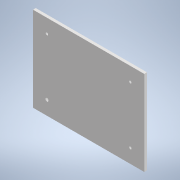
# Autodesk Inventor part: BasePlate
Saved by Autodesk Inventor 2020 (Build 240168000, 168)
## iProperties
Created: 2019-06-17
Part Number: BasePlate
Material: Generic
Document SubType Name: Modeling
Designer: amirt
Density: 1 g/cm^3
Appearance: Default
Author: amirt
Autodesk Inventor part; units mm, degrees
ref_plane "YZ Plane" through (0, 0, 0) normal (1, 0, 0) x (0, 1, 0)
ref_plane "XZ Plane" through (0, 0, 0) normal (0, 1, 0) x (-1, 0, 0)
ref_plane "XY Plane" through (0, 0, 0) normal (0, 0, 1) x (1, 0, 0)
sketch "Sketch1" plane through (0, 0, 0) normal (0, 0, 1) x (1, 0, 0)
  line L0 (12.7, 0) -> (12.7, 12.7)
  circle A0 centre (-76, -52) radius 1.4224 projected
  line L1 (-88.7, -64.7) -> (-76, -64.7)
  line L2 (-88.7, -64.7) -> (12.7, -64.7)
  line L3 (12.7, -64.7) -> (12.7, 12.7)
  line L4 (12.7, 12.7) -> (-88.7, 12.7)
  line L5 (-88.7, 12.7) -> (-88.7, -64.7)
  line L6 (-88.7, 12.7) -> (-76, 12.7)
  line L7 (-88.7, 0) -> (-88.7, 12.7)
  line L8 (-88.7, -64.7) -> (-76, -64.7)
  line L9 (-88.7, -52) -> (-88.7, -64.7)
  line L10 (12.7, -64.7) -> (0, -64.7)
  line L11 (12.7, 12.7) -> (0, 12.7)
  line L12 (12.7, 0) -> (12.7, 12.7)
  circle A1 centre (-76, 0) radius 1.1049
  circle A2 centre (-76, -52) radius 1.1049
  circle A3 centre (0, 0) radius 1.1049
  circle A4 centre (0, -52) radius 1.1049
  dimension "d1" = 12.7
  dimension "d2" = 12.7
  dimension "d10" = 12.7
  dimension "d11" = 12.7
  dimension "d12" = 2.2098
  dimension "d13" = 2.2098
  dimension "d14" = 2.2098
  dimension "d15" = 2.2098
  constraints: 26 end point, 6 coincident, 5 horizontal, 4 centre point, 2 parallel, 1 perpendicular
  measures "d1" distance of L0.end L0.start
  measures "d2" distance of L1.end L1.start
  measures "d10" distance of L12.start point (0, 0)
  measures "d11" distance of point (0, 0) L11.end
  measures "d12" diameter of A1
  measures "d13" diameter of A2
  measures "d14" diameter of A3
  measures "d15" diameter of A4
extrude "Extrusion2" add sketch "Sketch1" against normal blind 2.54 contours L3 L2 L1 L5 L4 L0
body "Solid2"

━━━━━━━━━━

### Required action:
Only the lines from the one containing "diameter of A1" through the last line of the records are to be set down, exactly as they appear.

### Reply:
  measures "d12" diameter of A1
  measures "d13" diameter of A2
  measures "d14" diameter of A3
  measures "d15" diameter of A4
extrude "Extrusion2" add sketch "Sketch1" against normal blind 2.54 contours L3 L2 L1 L5 L4 L0
body "Solid2"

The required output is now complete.